Mr. Abunimah, author of the 2006 book, "One Country: A Bold Proposal to End the Israeli-Palestinian Impasse," instead advocated a “democratic, decolonized one-state solution with equal rights for all.”

He’s not the only one. While a slim majority of Israelis and Palestinians still support the two-state solution in principle, the trendlines are moving against it, in some cases dramatically. According to an August poll conducted jointly by Israelis and Palestinians, a quarter of Israelis and 35 percent of Palestinians now support a one-state solution.

Since then, there are signs that settlement construction has had a further effect on public opinion among Palestinians. There has been a “sharp increase in the percentage of those who [believe] that the two-state solution is no longer viable due to settlement expansion from 56% three months ago to 65%,” according to a December poll by the Palestinian Center for Survey and Policy Research, a respected polling outlet in Ramallah, West Bank.
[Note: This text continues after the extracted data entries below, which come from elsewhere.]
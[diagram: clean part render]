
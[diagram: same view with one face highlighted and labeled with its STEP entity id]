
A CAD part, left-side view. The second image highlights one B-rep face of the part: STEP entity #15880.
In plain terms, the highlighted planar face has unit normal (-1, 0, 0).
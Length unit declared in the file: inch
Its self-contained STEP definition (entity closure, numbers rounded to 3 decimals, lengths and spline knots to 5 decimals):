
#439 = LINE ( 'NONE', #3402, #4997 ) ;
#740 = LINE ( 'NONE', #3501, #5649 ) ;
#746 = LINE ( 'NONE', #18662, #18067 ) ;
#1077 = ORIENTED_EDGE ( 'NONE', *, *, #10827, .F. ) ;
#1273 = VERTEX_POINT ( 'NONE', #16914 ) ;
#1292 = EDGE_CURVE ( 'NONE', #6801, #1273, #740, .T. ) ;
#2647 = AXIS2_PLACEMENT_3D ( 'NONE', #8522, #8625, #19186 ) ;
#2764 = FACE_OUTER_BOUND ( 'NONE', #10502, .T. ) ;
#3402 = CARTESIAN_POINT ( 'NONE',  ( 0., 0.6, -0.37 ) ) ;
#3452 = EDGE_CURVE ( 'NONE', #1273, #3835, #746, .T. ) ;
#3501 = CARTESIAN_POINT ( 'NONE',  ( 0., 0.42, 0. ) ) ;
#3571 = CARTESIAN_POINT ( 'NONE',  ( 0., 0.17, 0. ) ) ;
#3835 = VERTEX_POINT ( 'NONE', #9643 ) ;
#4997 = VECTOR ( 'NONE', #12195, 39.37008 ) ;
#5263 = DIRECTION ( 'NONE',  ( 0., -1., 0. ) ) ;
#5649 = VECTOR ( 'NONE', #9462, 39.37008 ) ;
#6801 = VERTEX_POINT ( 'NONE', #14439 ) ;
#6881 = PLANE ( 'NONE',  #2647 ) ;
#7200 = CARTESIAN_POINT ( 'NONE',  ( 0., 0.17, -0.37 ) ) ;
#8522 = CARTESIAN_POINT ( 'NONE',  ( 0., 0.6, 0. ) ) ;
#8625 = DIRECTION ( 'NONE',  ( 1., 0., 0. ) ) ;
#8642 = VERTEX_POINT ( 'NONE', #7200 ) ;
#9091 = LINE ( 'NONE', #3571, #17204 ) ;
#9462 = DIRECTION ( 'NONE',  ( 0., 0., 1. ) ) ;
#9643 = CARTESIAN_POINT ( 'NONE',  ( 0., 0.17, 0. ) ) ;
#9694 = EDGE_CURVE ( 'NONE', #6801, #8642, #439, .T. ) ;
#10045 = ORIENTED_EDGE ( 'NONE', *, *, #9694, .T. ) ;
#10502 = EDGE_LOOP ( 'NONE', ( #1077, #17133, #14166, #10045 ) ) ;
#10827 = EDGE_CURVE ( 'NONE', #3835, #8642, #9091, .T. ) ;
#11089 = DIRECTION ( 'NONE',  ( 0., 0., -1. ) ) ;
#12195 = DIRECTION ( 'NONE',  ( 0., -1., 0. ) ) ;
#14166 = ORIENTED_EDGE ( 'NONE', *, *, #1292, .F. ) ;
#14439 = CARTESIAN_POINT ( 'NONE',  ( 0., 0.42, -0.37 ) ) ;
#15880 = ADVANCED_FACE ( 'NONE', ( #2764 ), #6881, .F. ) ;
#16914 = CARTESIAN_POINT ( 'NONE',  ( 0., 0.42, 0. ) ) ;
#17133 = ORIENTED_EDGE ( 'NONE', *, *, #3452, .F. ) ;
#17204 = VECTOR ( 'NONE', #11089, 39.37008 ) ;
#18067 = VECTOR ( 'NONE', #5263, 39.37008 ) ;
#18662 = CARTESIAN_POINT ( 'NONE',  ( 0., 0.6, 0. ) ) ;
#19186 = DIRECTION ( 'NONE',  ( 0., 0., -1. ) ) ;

More than 8 in 10 respondents said the Obama administration had not made “serious efforts” to advance peace – despite Kerry’s year of peripatetic shuttle diplomacy in 2014.

Likewise, there’s been a dramatic drop in optimism among the Palestinian minority in Israel, which accounts for about one-fifth of the population. From 2013 to 2015, Israeli Arabs who viewed the two-state solution as possible dropped from 72 percent to just 50 percent, while it declined only slightly among Israeli Jews to 43 percent.

In his speech, Kerry implored both sides to reenergize the push for a two-state solution, insisting that “there is still a way forward if the responsible parties are willing to act.” But the subtext was an admission that the support for the blueprint itself might be fraying.